## [EXERCISE BRIEF]
Beginning at the top of the data below, write out every line exactly until you reach the line with "settings OptimizationCC: BlockReduction=off", and include that line.

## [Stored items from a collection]
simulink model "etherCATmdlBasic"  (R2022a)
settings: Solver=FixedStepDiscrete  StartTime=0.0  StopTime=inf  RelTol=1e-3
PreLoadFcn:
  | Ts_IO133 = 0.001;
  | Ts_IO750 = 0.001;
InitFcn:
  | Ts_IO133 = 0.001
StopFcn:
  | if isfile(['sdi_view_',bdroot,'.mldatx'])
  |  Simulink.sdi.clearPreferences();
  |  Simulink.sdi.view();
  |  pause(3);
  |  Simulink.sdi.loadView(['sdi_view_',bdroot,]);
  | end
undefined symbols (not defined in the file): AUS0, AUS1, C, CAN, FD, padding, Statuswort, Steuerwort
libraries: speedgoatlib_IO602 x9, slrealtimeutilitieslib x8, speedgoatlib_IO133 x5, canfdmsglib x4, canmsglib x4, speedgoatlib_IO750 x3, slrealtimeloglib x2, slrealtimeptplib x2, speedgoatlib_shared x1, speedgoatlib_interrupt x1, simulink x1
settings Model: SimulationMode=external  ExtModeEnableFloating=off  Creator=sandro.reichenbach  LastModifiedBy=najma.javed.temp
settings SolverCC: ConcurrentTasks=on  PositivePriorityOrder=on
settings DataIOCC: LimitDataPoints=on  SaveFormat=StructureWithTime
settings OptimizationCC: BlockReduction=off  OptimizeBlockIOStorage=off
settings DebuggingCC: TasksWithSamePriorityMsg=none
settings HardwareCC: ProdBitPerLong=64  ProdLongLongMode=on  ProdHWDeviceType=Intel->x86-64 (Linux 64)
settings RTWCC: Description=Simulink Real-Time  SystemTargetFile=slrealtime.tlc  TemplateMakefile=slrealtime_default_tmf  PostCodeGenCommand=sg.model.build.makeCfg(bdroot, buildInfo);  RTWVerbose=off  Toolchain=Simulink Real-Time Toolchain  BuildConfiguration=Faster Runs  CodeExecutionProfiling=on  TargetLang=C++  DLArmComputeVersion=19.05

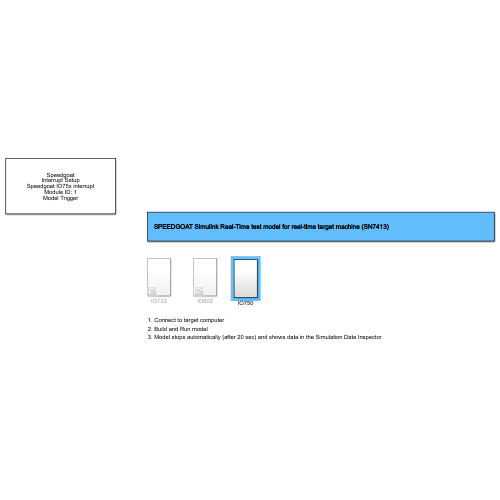
[thumbnail: Simulink's stored preview of the top-level diagram]
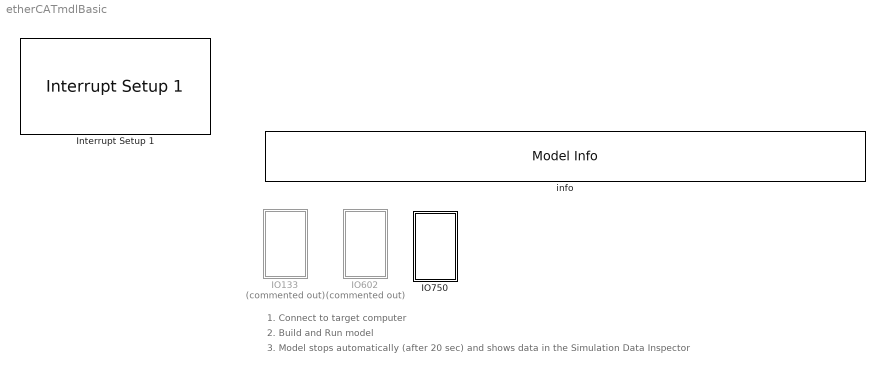
== system etherCATmdlBasic ==
  note: 1. Connect to target computer
  note: 2. Build and Run model
  note: 3. Model stops automatically (after 20 sec) and shows data in the Simulation Data Inspector
  IO133 : Subsystem  Commented=on
  IO602 : Subsystem  Commented=on
  IO750 : Subsystem
  Interrupt Setup 1 : speedgoatlib_interrupt/Interrupt Setup 1  parModuleTrigger=on  parPollingMode=off  parPriorityConf=High  parPriority=241  confStartFcn=IO75x_start_public  confStopFcn=IO75x_stop_public  confIsrFcn=IO75x_isr_public  confMapFcn=IO75x_map_public  confHookFile=io75x_int_hooks.c  confIrqNr=-1  confIsMdlTrig=on  confIsPolling=off  confPriority=254  confModID=16776961  confSelectedInt=Speedgoat IO75x interrupt  confSelectedId=1
  info : simulink/Model-Wide Utilities/Model Info  Frame=on  DisplayStringWithTags=SPEEDGOAT Simulink Real-Time test model for real-time target machine (SN7413)  HorizontalTextAlignment=Left  LeftAlignmentValue=0.02

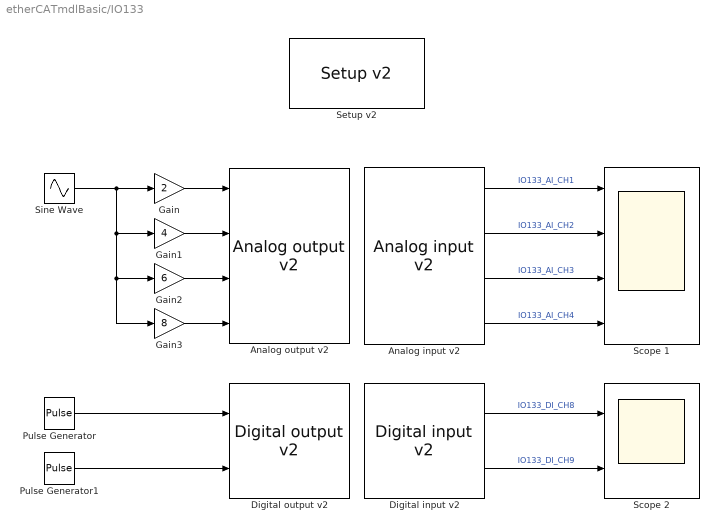
== system etherCATmdlBasic/IO133 ==
  "Analog input v2 " : speedgoatlib_IO133/Analog input v2   parModuleId=1  parSampleTime=Ts_IO133  parPciSlot=-1  parAdcChannels=[1 2 3 4]  parAdcVoltageRange=[2 2]  parAdcOversamplRate=[1 1]  parAdcContSampling=0  parAdcDmaEnable=0  parAdcActiveDmaDevices=[1 1]  parAdcFrameSize=100
      settings: SourceProductName=Simulink Real-Time: Speedgoat I/O Driver Library
  "Analog output v2 " : speedgoatlib_IO133/Analog output v2   parModuleId=1  parSampleTime=Ts_IO133  parPciSlot=-1  parDacChannels=[1 2 3 4]  parDacVoltageRange=[4 4 6 6 5 5 5 5]  parDacInitValues=[0 0 0 0]  parDacReset=[1 1 1 1]  parDacSyncOut=1  parDacDmaEnable=0  parDacActiveDmaDevices=[1 1]  parDacDmaLatency=2  parDacFrameSize=100
      settings: SourceProductName=Simulink Real-Time: Speedgoat I/O Driver Library
  "Digital input v2 " : speedgoatlib_IO133/Digital input v2   parModuleId=1  parSampleTime=Ts_IO133  parPciSlot=-1  parDiChannels=[8 9]
      settings: SourceProductName=Simulink Real-Time: Speedgoat I/O Driver Library
  "Digital output v2 " : speedgoatlib_IO133/Digital output v2   parModuleId=1  parSampleTime=Ts_IO133  parPciSlot=-1  parDoChannels=[1 2]  parDoInitValues=[0 0]  parDoReset=[1 1]
      settings: SourceProductName=Simulink Real-Time: Speedgoat I/O Driver Library
  Gain : Gain  Gain=2
  Gain1 : Gain  Gain=4
  Gain2 : Gain  Gain=6
  Gain3 : Gain  Gain=8
  Pulse Generator : DiscretePulseGenerator  Period=20  PulseWidth=5  SampleTime=-1
  Pulse Generator1 : DiscretePulseGenerator  Period=20  PulseWidth=10  SampleTime=-1
  Scope 1 : Scope  NumInputPorts=4
  Scope 2 : Scope  NumInputPorts=2
  "Setup v2 " : speedgoatlib_IO133/Setup v2   parPciSlot=-1  parModuleId=1  parInterModuleSync=None  parConvClockBaseRate=20MHz  parConvClock1Divider=20000  parConvClock2Divider=20000  parFrameTriggerEnable=off  parFrameTriggerDivider=10  parConvClock1BaseRate=1  parConvClock2BaseRate=1  parFrameTriggerClock=1  parAdcChannels=1:4  parAdcRange1=+-10V  parAdcRange2=+-10V  parAdcVoltageRange=[2 2]  parAdcOversampling1=None  parAdcOversampling2=None  parAdcOversamplRate=[1 1]  parAdcAutoCorrection=on  parAdcContSampling=off  parAdcDmaEnable=off  parAdcDmaClock=Clock 1  parAdcFrameSize_=100  parAdcSampleTime_=-1  parAdcActiveDmaDevices=[1 1]  parAdcFrameTriggerEnable=0  parAdcFrameSize=100  parAdcSampleTime=0.1  parDacChannels=1:4  parDacInitValues=0  parDacReset=1  parDacRange1=+-5V  parDacRange2=+-5V  parDacRange3=+-10.8V  parDacRange4=+-10.8V  parDacRange5=+-10V  parDacRange6=+-10V  parDacRange7=+-10V  parDacRange8=+-10V  parDacVoltageRange=[4 4 6 6 5 5 5 5]  parDacAutoCorrection=on  parDacSyncOut=on  parDacDmaEnable=off  parDacDmaLatency=Until next frame  parDacDmaClock=Clock 1  parDacFrameSize_=100  parDacSampleTime_=-1  parDacActiveDmaDevices=[1 1]  parDacFrameTriggerEnable=0  parDacFrameSize=100  parDacSampleTime=0.1  parDoChannels=1:2  parDoInitValues=0  parDoReset=1  parDiChannels=8:9  parDiDebounceEnable=off  parDiDebounceTime=0  parDiDebounceValue=0  parDioPullRefFront=Pull-up 3.3V  parDioPullRefRear=Floating
      settings: SourceProductName=Simulink Real-Time: Speedgoat I/O Driver Library
  Sine Wave : Sin  Frequency=50  SampleTime=0
  wires:
  Pulse Generator/1 -> "Digital output v2 "/1
  Gain1/1 -> "Analog output v2 "/2
  Gain/1 -> "Analog output v2 "/1
  Gain3/1 -> "Analog output v2 "/4
  Gain2/1 -> "Analog output v2 "/3
  Sine Wave/1 -> Gain/1, Gain1/1, Gain2/1, Gain3/1
  Pulse Generator1/1 -> "Digital output v2 "/2
  "Analog input v2 "/1 -> Scope 1/1  "IO133_AI_CH1"
  "Analog input v2 "/2 -> Scope 1/2  "IO133_AI_CH2"
  "Analog input v2 "/3 -> Scope 1/3  "IO133_AI_CH3"
  "Analog input v2 "/4 -> Scope 1/4  "IO133_AI_CH4"
  "Digital input v2 "/1 -> Scope 2/1  "IO133_DI_CH8"
  "Digital input v2 "/2 -> Scope 2/2  "IO133_DI_CH9"

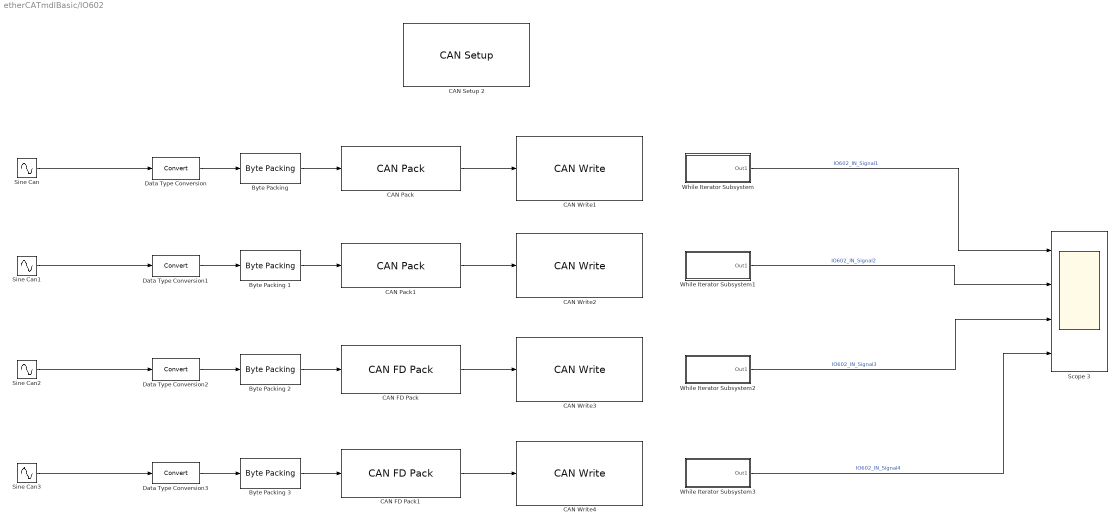
== system etherCATmdlBasic/IO602 ==
  Byte Packing {,1..3} (4 alike) : slrealtimeutilitieslib/Byte Packing  MaskPackedDataType=uint8  MaskUnpackedDataTypes={'single'}  MaskAlignment=1
  CAN FD Pack : canfdmsglib/CAN FD Pack  MsgList=(none)  MsgName=Msg  ProtocolMode=CAN FD  MsgIDType=Standard (11-bit identifier)  MsgIdentifier=102  MsgLength=4  Remote=off  BRSSwitch=off  ApplyMinMax=off  SignalInfo={}
      settings: SourceProductBaseCode=XP,ME,VN  DataFormat=raw data
  CAN FD Pack1 : canfdmsglib/CAN FD Pack  MsgList=(none)  MsgName=Msg  ProtocolMode=CAN FD  MsgIDType=Standard (11-bit identifier)  MsgIdentifier=103  MsgLength=4  Remote=off  BRSSwitch=off  ApplyMinMax=off  SignalInfo={}
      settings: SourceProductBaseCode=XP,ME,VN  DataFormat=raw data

## [ANSWER TO THIS TASK]
simulink model "etherCATmdlBasic"  (R2022a)
settings: Solver=FixedStepDiscrete  StartTime=0.0  StopTime=inf  RelTol=1e-3
PreLoadFcn:
  | Ts_IO133 = 0.001;
  | Ts_IO750 = 0.001;
InitFcn:
  | Ts_IO133 = 0.001
StopFcn:
  | if isfile(['sdi_view_',bdroot,'.mldatx'])
  |  Simulink.sdi.clearPreferences();
  |  Simulink.sdi.view();
  |  pause(3);
  |  Simulink.sdi.loadView(['sdi_view_',bdroot,]);
  | end
undefined symbols (not defined in the file): AUS0, AUS1, C, CAN, FD, padding, Statuswort, Steuerwort
libraries: speedgoatlib_IO602 x9, slrealtimeutilitieslib x8, speedgoatlib_IO133 x5, canfdmsglib x4, canmsglib x4, speedgoatlib_IO750 x3, slrealtimeloglib x2, slrealtimeptplib x2, speedgoatlib_shared x1, speedgoatlib_interrupt x1, simulink x1
settings Model: SimulationMode=external  ExtModeEnableFloating=off  Creator=sandro.reichenbach  LastModifiedBy=najma.javed.temp
settings SolverCC: ConcurrentTasks=on  PositivePriorityOrder=on
settings DataIOCC: LimitDataPoints=on  SaveFormat=StructureWithTime
settings OptimizationCC: BlockReduction=off  OptimizeBlockIOStorage=off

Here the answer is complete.